- **Exercise description**:
Every line below that holds the string "VECTOR" must be copied.

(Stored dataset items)
>>>>

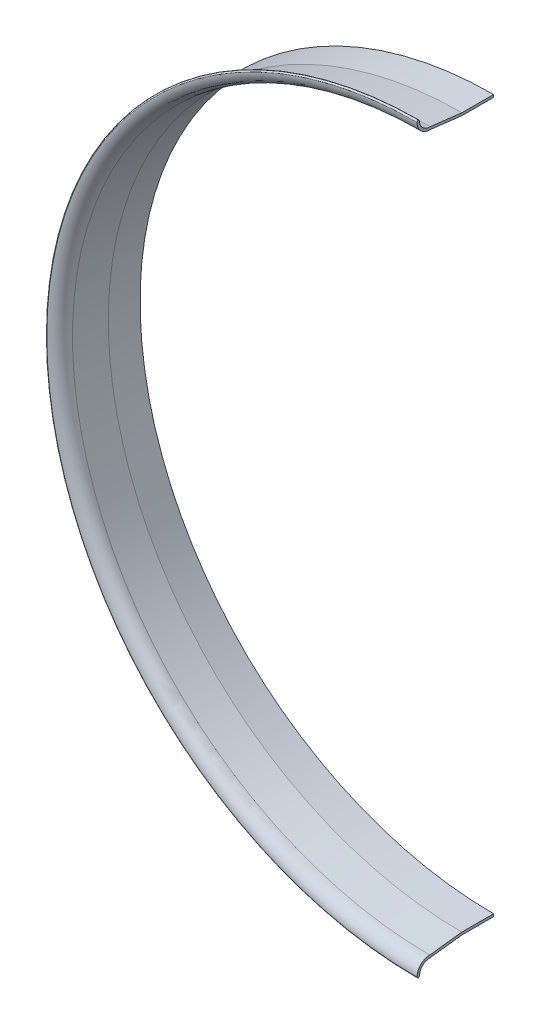
ISO-10303-21;
HEADER;
FILE_DESCRIPTION(('STEP AP214'),'2;1');
FILE_NAME('part.step','',(''),(''),'','','');
FILE_SCHEMA(('AUTOMOTIVE_DESIGN { 1 0 10303 214 1 1 1 1 }'));
ENDSEC;
DATA;
#1=APPLICATION_CONTEXT('core data for automotive mechanical design processes');
#2=APPLICATION_PROTOCOL_DEFINITION('international standard','automotive_design',2000,#1);
#3=PRODUCT_CONTEXT('',#1,'mechanical');
#4=PRODUCT('Part','Part','',(#3));
#5=PRODUCT_RELATED_PRODUCT_CATEGORY('part','',(#4));
#6=PRODUCT_DEFINITION_FORMATION('','',#4);
#7=PRODUCT_DEFINITION_CONTEXT('part definition',#1,'design');
#8=PRODUCT_DEFINITION('design','',#6,#7);
#9=PRODUCT_DEFINITION_SHAPE('','',#8);
#10=(LENGTH_UNIT() NAMED_UNIT(*) SI_UNIT(.MILLI.,.METRE.));
#11=(NAMED_UNIT(*) PLANE_ANGLE_UNIT() SI_UNIT($,.RADIAN.));
#12=(NAMED_UNIT(*) SI_UNIT($,.STERADIAN.) SOLID_ANGLE_UNIT());
#13=UNCERTAINTY_MEASURE_WITH_UNIT(LENGTH_MEASURE(1.E-05),#10,'distance_accuracy_value','');
#14=(GEOMETRIC_REPRESENTATION_CONTEXT(3) GLOBAL_UNCERTAINTY_ASSIGNED_CONTEXT((#13)) GLOBAL_UNIT_ASSIGNED_CONTEXT((#10,
#11,#12)) REPRESENTATION_CONTEXT('',''));
#15=CARTESIAN_POINT('',(0.,0.,0.));
#16=DIRECTION('',(0.,0.,1.));
#17=DIRECTION('',(1.,0.,0.));
#18=AXIS2_PLACEMENT_3D('',#15,#16,#17);
#19=CARTESIAN_POINT('',(-300.,806.324889124709,-377.357743681072));
#20=DIRECTION('',(0.,0.,-1.));
#21=DIRECTION('',(-1.,0.,0.));
#22=AXIS2_PLACEMENT_3D('',#19,#20,#21);
#23=PLANE('',#22);
#24=DIRECTION('',(0.,1.,0.));
#25=VECTOR('',#24,1.);
#26=CARTESIAN_POINT('',(-300.,806.324889124709,-377.357743681072));
#27=LINE('',#26,#25);
#28=CARTESIAN_POINT('',(-300.,528.839135447735,-377.357743681072));
#29=VERTEX_POINT('',#28);
#30=CARTESIAN_POINT('',(-300.,527.839135447735,-377.357743681073));
#31=VERTEX_POINT('',#30);
#32=EDGE_CURVE('E91',#29,#31,#27,.F.);
#33=ORIENTED_EDGE('',*,*,#32,.T.);
#34=CARTESIAN_POINT('',(-300.,667.332012286222,-377.357743681073));
#35=DIRECTION('',(0.,0.,-1.));
#36=DIRECTION('',(-1.,0.,0.));
#37=AXIS2_PLACEMENT_3D('',#34,#35,#36);
#38=CIRCLE('',#37,139.492876838487);
#39=CARTESIAN_POINT('',(-300.,806.824889124709,-377.357743681073));
#40=VERTEX_POINT('',#39);
#41=EDGE_CURVE('E201',#40,#31,#38,.F.);
#42=ORIENTED_EDGE('',*,*,#41,.F.);
#43=DIRECTION('',(0.,1.,0.));
#44=VECTOR('',#43,1.);
#45=CARTESIAN_POINT('',(-300.,667.332012286222,-377.357743681073));
#46=LINE('',#45,#44);
#47=CARTESIAN_POINT('',(-300.,805.824889124709,-377.357743681073));
#48=VERTEX_POINT('',#47);
#49=EDGE_CURVE('E74',#40,#48,#46,.F.);
#50=ORIENTED_EDGE('',*,*,#49,.T.);
#51=CARTESIAN_POINT('',(-300.,667.332012286222,-377.357743681072));
#52=DIRECTION('',(0.,0.,-1.));
#53=DIRECTION('',(-1.,0.,0.));
#54=AXIS2_PLACEMENT_3D('',#51,#52,#53);
#55=CIRCLE('',#54,138.492876838487);
#56=EDGE_CURVE('E20',#48,#29,#55,.F.);
#57=ORIENTED_EDGE('',*,*,#56,.T.);
#58=EDGE_LOOP('',(#33,#42,#50,#57));
#59=FACE_BOUND('',#58,.T.);
#60=ADVANCED_FACE('F17',(#59),#23,.T.);
#61=CARTESIAN_POINT('',(-300.,667.332012286222,-352.357743681072));
#62=DIRECTION('',(0.,0.,-1.));
#63=DIRECTION('',(1.,0.,0.));
#64=AXIS2_PLACEMENT_3D('',#61,#62,#63);
#65=TOROIDAL_SURFACE('',#64,145.,5.00000000000023);
#66=CARTESIAN_POINT('',(-300.,522.332012286222,-347.357743681072));
#67=CARTESIAN_POINT('',(-300.,522.472642581045,-347.357728558728));
#68=CARTESIAN_POINT('',(-300.,522.613270705351,-347.363676110227));
#69=CARTESIAN_POINT('',(-300.,522.893520792679,-347.387387339161));
#70=CARTESIAN_POINT('',(-300.,523.033142803642,-347.405150449782));
#71=CARTESIAN_POINT('',(-300.,523.310287779183,-347.452365749533));
#72=CARTESIAN_POINT('',(-300.,523.447812250119,-347.481809096047));
#73=CARTESIAN_POINT('',(-300.,523.719891805086,-347.55217068475));
#74=CARTESIAN_POINT('',(-300.,523.854446925343,-347.593088786863));
#75=CARTESIAN_POINT('',(-300.,524.119673682135,-347.686124721628));
#76=CARTESIAN_POINT('',(-300.,524.250344131126,-347.738245939796));
#77=CARTESIAN_POINT('',(-300.,524.506877708584,-347.853331288322));
#78=CARTESIAN_POINT('',(-300.,524.632739042234,-347.916299419499));
#79=CARTESIAN_POINT('',(-300.,524.878640900765,-348.052580262102));
#80=CARTESIAN_POINT('',(-300.,524.998684561552,-348.12588731529));
#81=CARTESIAN_POINT('',(-300.,525.232214595274,-348.282379852083));
#82=CARTESIAN_POINT('',(-300.,525.345698536754,-348.365568964154));
#83=CARTESIAN_POINT('',(-300.,525.56521243867,-348.541179045758));
#84=CARTESIAN_POINT('',(-300.,525.671245215646,-348.63359649465));
#85=CARTESIAN_POINT('',(-300.,525.875188855312,-348.827069057312));
#86=CARTESIAN_POINT('',(-300.,525.973096677694,-348.92812737598));
#87=CARTESIAN_POINT('',(-300.,526.160034351685,-349.138115763281));
#88=CARTESIAN_POINT('',(-300.,526.249065692304,-349.247044506363));
#89=CARTESIAN_POINT('',(-300.,526.417666269176,-349.472054405383));
#90=CARTESIAN_POINT('',(-300.,526.497232129286,-349.588138091064));
#91=CARTESIAN_POINT('',(-300.,526.646300220788,-349.826599527022));
#92=CARTESIAN_POINT('',(-300.,526.715802290651,-349.948977378281));
#93=CARTESIAN_POINT('',(-300.,526.84424702556,-350.199153663374));
#94=CARTESIAN_POINT('',(-300.,526.903189645502,-350.326952120358));
#95=CARTESIAN_POINT('',(-300.,527.010070623414,-350.587004097603));
#96=CARTESIAN_POINT('',(-300.,527.058014260375,-350.719255445587));
#97=CARTESIAN_POINT('',(-300.,527.142581624095,-350.987277346275));
#98=CARTESIAN_POINT('',(-300.,527.179207815794,-351.123047125672));
#99=CARTESIAN_POINT('',(-300.,527.250563547278,-351.44020688972));
#100=CARTESIAN_POINT('',(-300.,527.281105813916,-351.622566217383));
#101=CARTESIAN_POINT('',(-300.,527.311646100316,-351.89756922671));
#102=CARTESIAN_POINT('',(-300.,527.319280670106,-351.989434189277));
#103=CARTESIAN_POINT('',(-300.,527.329463150097,-352.173439795945));
#104=CARTESIAN_POINT('',(-300.,527.332011382198,-352.265580422229));
#105=CARTESIAN_POINT('',(-300.,527.332012286222,-352.357743681046));
#106=B_SPLINE_CURVE_WITH_KNOTS('',3,(#66,#67,#68,#69,#70,#71,#72,#73,#74,#75,#76,#77,#78,#79,
#80,#81,#82,#83,#84,#85,#86,#87,#88,#89,#90,#91,#92,#93,#94,#95,#96,#97,#98,#99,#100,#101,#102,
#103,#104,#105),.UNSPECIFIED.,.F.,.F.,(4,2,2,2,2,2,2,2,2,2,2,2,2,2,2,2,2,2,2,4),(0.,
0.421762112767258,0.843503994288263,1.26492720019783,1.68634526193841,2.10789085327994,
2.52959226338537,2.95106377581064,3.37269052404633,3.79415703039231,4.21578054240918,
4.637333208632,5.059035786153,5.48074513148523,5.90245627805129,6.32396459780819,
6.74538104818502,7.29879231270315,7.57521919594098,7.85162858444298),.UNSPECIFIED.);
#107=CARTESIAN_POINT('',(-300.,522.332012286222,-347.357743681072));
#108=VERTEX_POINT('',#107);
#109=CARTESIAN_POINT('',(-300.,527.332012286216,-352.357743681008));
#110=VERTEX_POINT('',#109);
#111=EDGE_CURVE('E105',#108,#110,#106,.T.);
#112=ORIENTED_EDGE('',*,*,#111,.T.);
#113=CARTESIAN_POINT('',(-300.,667.332012286222,-352.357743680969));
#114=DIRECTION('',(0.,0.,1.));
#115=DIRECTION('',(0.,-1.,0.));
#116=AXIS2_PLACEMENT_3D('',#113,#114,#115);
#117=CIRCLE('',#116,139.999999999142);
#118=CARTESIAN_POINT('',(-300.,807.332012285799,-352.357743680969));
#119=VERTEX_POINT('',#118);
#120=EDGE_CURVE('E97',#110,#119,#117,.F.);
#121=ORIENTED_EDGE('',*,*,#120,.T.);
#122=CARTESIAN_POINT('',(-300.,807.332012286222,-352.357743681046));
#123=CARTESIAN_POINT('',(-300.,807.331997163879,-352.217113386223));
#124=CARTESIAN_POINT('',(-300.,807.337944715379,-352.076485261918));
#125=CARTESIAN_POINT('',(-300.,807.361655944314,-351.79623517459));
#126=CARTESIAN_POINT('',(-300.,807.379419054936,-351.656613163627));
#127=CARTESIAN_POINT('',(-300.,807.426634354688,-351.379468188086));
#128=CARTESIAN_POINT('',(-300.,807.456077701203,-351.24194371715));
#129=CARTESIAN_POINT('',(-300.,807.526439289907,-350.969864162183));
#130=CARTESIAN_POINT('',(-300.,807.567357392021,-350.835309041926));
#131=CARTESIAN_POINT('',(-300.,807.660393326787,-350.570082285135));
#132=CARTESIAN_POINT('',(-300.,807.712514544956,-350.439411836144));
#133=CARTESIAN_POINT('',(-300.,807.827599893483,-350.182878258687));
#134=CARTESIAN_POINT('',(-300.,807.890568024661,-350.057016925037));
#135=CARTESIAN_POINT('',(-300.,808.026848867265,-349.811115066507));
#136=CARTESIAN_POINT('',(-300.,808.100155920454,-349.691071405721));
#137=CARTESIAN_POINT('',(-300.,808.256648457248,-349.457541371999));
#138=CARTESIAN_POINT('',(-300.,808.339837569319,-349.34405743052));
#139=CARTESIAN_POINT('',(-300.,808.515447650924,-349.124543528605));
#140=CARTESIAN_POINT('',(-300.,808.607865099817,-349.018510751629));
#141=CARTESIAN_POINT('',(-300.,808.80133766248,-348.814567111964));
#142=CARTESIAN_POINT('',(-300.,808.902395981149,-348.716659289582));
#143=CARTESIAN_POINT('',(-300.,809.112384368451,-348.529721615592));
#144=CARTESIAN_POINT('',(-300.,809.221313111533,-348.440690274974));
#145=CARTESIAN_POINT('',(-300.,809.446323010554,-348.272089698103));
#146=CARTESIAN_POINT('',(-300.,809.562406696236,-348.192523837994));
#147=CARTESIAN_POINT('',(-300.,809.800868132195,-348.043455746493));
#148=CARTESIAN_POINT('',(-300.,809.923245983454,-347.973953676631));
#149=CARTESIAN_POINT('',(-300.,810.173422268547,-347.845508941723));
#150=CARTESIAN_POINT('',(-300.,810.301220725532,-347.786566321782));
#151=CARTESIAN_POINT('',(-300.,810.561272702777,-347.679685343871));
#152=CARTESIAN_POINT('',(-300.,810.693524050761,-347.631741706911));
#153=CARTESIAN_POINT('',(-300.,810.96154595145,-347.547174343192));
#154=CARTESIAN_POINT('',(-300.,811.097315730847,-347.510548151494));
#155=CARTESIAN_POINT('',(-300.,811.414475494895,-347.439192420011));
#156=CARTESIAN_POINT('',(-300.,811.596834822559,-347.408650153374));
#157=CARTESIAN_POINT('',(-300.,811.871837831885,-347.378109866976));
#158=CARTESIAN_POINT('',(-300.,811.963702794453,-347.370475297187));
#159=CARTESIAN_POINT('',(-300.,812.14770840112,-347.360292817196));
#160=CARTESIAN_POINT('',(-300.,812.239849027404,-347.357744585096));
#161=CARTESIAN_POINT('',(-300.,812.332012286222,-347.357743681072));
#162=B_SPLINE_CURVE_WITH_KNOTS('',3,(#122,#123,#124,#125,#126,#127,#128,#129,#130,#131,#132,
#133,#134,#135,#136,#137,#138,#139,#140,#141,#142,#143,#144,#145,#146,#147,#148,#149,#150,#151,
#152,#153,#154,#155,#156,#157,#158,#159,#160,#161),.UNSPECIFIED.,.F.,.F.,(4,2,2,2,2,2,2,2,2,2,2,
2,2,2,2,2,2,2,2,4),(0.,0.421762112767128,0.843503994288192,1.26492720019781,1.6863452619384,
2.10789085327992,2.5295922633853,2.95106377581056,3.37269052404634,3.7941570303923,
4.21578054240917,4.63733320863185,5.05903578615287,5.48074513148511,5.90245627805114,
6.32396459780797,6.74538104818502,7.298792312703,7.57521919594083,7.8516285844429),.UNSPECIFIED.);
#163=CARTESIAN_POINT('',(-300.,812.332012286222,-347.357743681072));
#164=VERTEX_POINT('',#163);
#165=EDGE_CURVE('E132',#119,#164,#162,.T.);
#166=ORIENTED_EDGE('',*,*,#165,.T.);
#167=CARTESIAN_POINT('',(-300.,667.332012286222,-347.357743681072));
#168=DIRECTION('',(0.,0.,-1.));
#169=DIRECTION('',(1.,0.,0.));
#170=AXIS2_PLACEMENT_3D('',#167,#168,#169);
#171=CIRCLE('',#170,145.);
#172=EDGE_CURVE('E115',#108,#164,#171,.T.);
#173=ORIENTED_EDGE('',*,*,#172,.F.);
#174=EDGE_LOOP('',(#112,#121,#166,#173));
#175=FACE_BOUND('',#174,.T.);
#176=ADVANCED_FACE('F116',(#175),#65,.T.);
#177=CARTESIAN_POINT('',(-300.,667.332012286222,-352.357743680969));
#178=DIRECTION('',(0.,0.,1.));
#179=DIRECTION('',(1.,0.,0.));
#180=AXIS2_PLACEMENT_3D('',#177,#178,#179);
#181=CONICAL_SURFACE('',#180,139.999999999142,0.119428925881825);
#182=ORIENTED_EDGE('',*,*,#120,.F.);
#183=DIRECTION('',(0.,0.119145220618415,-0.992876838486924));
#184=VECTOR('',#183,1.);
#185=CARTESIAN_POINT('',(-300.,527.332012286222,-352.357743681072));
#186=LINE('',#185,#184);
#187=CARTESIAN_POINT('',(-300.,528.839135447735,-364.917103360348));
#188=VERTEX_POINT('',#187);
#189=EDGE_CURVE('E87',#110,#188,#186,.T.);
#190=ORIENTED_EDGE('',*,*,#189,.T.);
#191=CARTESIAN_POINT('',(-300.,667.332012286222,-364.917103360348));
#192=DIRECTION('',(0.,0.,-1.));
#193=DIRECTION('',(-1.,0.,0.));
#194=AXIS2_PLACEMENT_3D('',#191,#192,#193);
#195=CIRCLE('',#194,138.492876838487);
#196=CARTESIAN_POINT('',(-300.,805.824889124709,-364.917103360365));
#197=VERTEX_POINT('',#196);
#198=EDGE_CURVE('E82',#188,#197,#195,.T.);
#199=ORIENTED_EDGE('',*,*,#198,.T.);
#200=DIRECTION('',(0.,0.119145220618346,0.992876838486932));
#201=VECTOR('',#200,1.);
#202=CARTESIAN_POINT('',(-300.,805.824889124709,-364.917103360348));
#203=LINE('',#202,#201);
#204=EDGE_CURVE('E140',#197,#119,#203,.T.);
#205=ORIENTED_EDGE('',*,*,#204,.T.);
#206=EDGE_LOOP('',(#182,#190,#199,#205));
#207=FACE_BOUND('',#206,.T.);
#208=ADVANCED_FACE('F120',(#207),#181,.F.);
#209=CARTESIAN_POINT('',(-300.,667.332012286222,-371.13742352071));
#210=DIRECTION('',(0.,0.,-1.));
#211=DIRECTION('',(-1.,0.,0.));
#212=AXIS2_PLACEMENT_3D('',#209,#210,#211);
#213=CYLINDRICAL_SURFACE('',#212,138.492876838487);
#214=ORIENTED_EDGE('',*,*,#198,.F.);
#215=DIRECTION('',(0.,0.,1.));
#216=VECTOR('',#215,1.);
#217=CARTESIAN_POINT('',(-300.,528.839135447735,-362.357906909287));
#218=LINE('',#217,#216);
#219=EDGE_CURVE('E94',#188,#29,#218,.F.);
#220=ORIENTED_EDGE('',*,*,#219,.T.);
#221=ORIENTED_EDGE('',*,*,#56,.F.);
#222=DIRECTION('',(0.,0.,1.));
#223=VECTOR('',#222,1.);
#224=CARTESIAN_POINT('',(-300.,805.824889124709,-362.357906909287));
#225=LINE('',#224,#223);
#226=EDGE_CURVE('E209',#48,#197,#225,.T.);
#227=ORIENTED_EDGE('',*,*,#226,.T.);
#228=EDGE_LOOP('',(#214,#220,#221,#227));
#229=FACE_BOUND('',#228,.T.);
#230=ADVANCED_FACE('F101',(#229),#213,.F.);
#231=CARTESIAN_POINT('',(-300.,667.332012286222,-347.857743681072));
#232=DIRECTION('',(0.,0.,-1.));
#233=DIRECTION('',(1.,0.,0.));
#234=AXIS2_PLACEMENT_3D('',#231,#232,#233);
#235=TOROIDAL_SURFACE('',#234,144.981768382937,0.500332281449674);
#236=CARTESIAN_POINT('',(-300.,522.332012286221,-348.357743681072));
#237=CARTESIAN_POINT('',(-300.,522.303883005038,-348.356741916397));
#238=CARTESIAN_POINT('',(-300.,522.275849094756,-348.353320441427));
#239=CARTESIAN_POINT('',(-300.,522.220766845723,-348.341843316062));
#240=CARTESIAN_POINT('',(-300.,522.193717800459,-348.333791060181));
#241=CARTESIAN_POINT('',(-300.,522.141344503937,-348.313250793962));
#242=CARTESIAN_POINT('',(-300.,522.116021059197,-348.300760726182));
#243=CARTESIAN_POINT('',(-300.,522.067834973355,-348.27171040344));
#244=CARTESIAN_POINT('',(-300.,522.044971851602,-348.255150945564));
#245=CARTESIAN_POINT('',(-300.,522.002362921578,-348.218439762148));
#246=CARTESIAN_POINT('',(-300.,521.982615242458,-348.198290208093));
#247=CARTESIAN_POINT('',(-300.,521.946754994804,-348.154933199128));
#248=CARTESIAN_POINT('',(-300.,521.930647562339,-348.131721495975));
#249=CARTESIAN_POINT('',(-300.,521.902571577642,-348.082939811595));
#250=CARTESIAN_POINT('',(-300.,521.890600014092,-348.057371563422));
#251=CARTESIAN_POINT('',(-300.,521.871118612048,-348.004586567069));
#252=CARTESIAN_POINT('',(-300.,521.863609037132,-347.977369721608));
#253=CARTESIAN_POINT('',(-300.,521.853266094516,-347.922062396304));
#254=CARTESIAN_POINT('',(-300.,521.850432588705,-347.893971942289));
#255=CARTESIAN_POINT('',(-300.,521.849521773931,-347.837714031256));
#256=CARTESIAN_POINT('',(-300.,521.851444465015,-347.809546574238));
#257=CARTESIAN_POINT('',(-300.,521.85999160999,-347.753933420549));
#258=CARTESIAN_POINT('',(-300.,521.866616202389,-347.726487745164));
#259=CARTESIAN_POINT('',(-300.,521.884378657921,-347.673099771388));
#260=CARTESIAN_POINT('',(-300.,521.89551625508,-347.647157384503));
#261=CARTESIAN_POINT('',(-300.,521.921998394949,-347.597492455086));
#262=CARTESIAN_POINT('',(-300.,521.93734599457,-347.573771542434));
#263=CARTESIAN_POINT('',(-300.,521.97178378807,-347.529276396817));
#264=CARTESIAN_POINT('',(-300.,521.990868726878,-347.508498096134));
#265=CARTESIAN_POINT('',(-300.,522.03226575058,-347.470428314747));
#266=CARTESIAN_POINT('',(-300.,522.054579512653,-347.453138657428));
#267=CARTESIAN_POINT('',(-300.,522.10179790665,-347.422543099455));
#268=CARTESIAN_POINT('',(-300.,522.126703456212,-347.409238616287));
#269=CARTESIAN_POINT('',(-300.,522.18085138021,-347.385955429167));
#270=CARTESIAN_POINT('',(-300.,522.210281145442,-347.376410237691));
#271=CARTESIAN_POINT('',(-300.,522.270439033847,-347.362843650897));
#272=CARTESIAN_POINT('',(-300.,522.301169305753,-347.358831796925));
#273=CARTESIAN_POINT('',(-300.,522.332012286222,-347.357743681072));
#274=B_SPLINE_CURVE_WITH_KNOTS('',3,(#236,#237,#238,#239,#240,#241,#242,#243,#244,#245,#246,
#247,#248,#249,#250,#251,#252,#253,#254,#255,#256,#257,#258,#259,#260,#261,#262,#263,#264,#265,
#266,#267,#268,#269,#270,#271,#272,#273),.UNSPECIFIED.,.F.,.F.,(4,2,2,2,2,2,2,2,2,2,2,2,2,2,2,2,
2,2,4),(0.,0.0843291520767879,0.168596566791182,0.252903100351499,0.337193133657283,
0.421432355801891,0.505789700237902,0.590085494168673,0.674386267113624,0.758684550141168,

<<<<

- **Response to the exercise**:
#25=VECTOR('',#24,1.);
#44=VECTOR('',#43,1.);
#184=VECTOR('',#183,1.);
#201=VECTOR('',#200,1.);
#216=VECTOR('',#215,1.);
#223=VECTOR('',#222,1.);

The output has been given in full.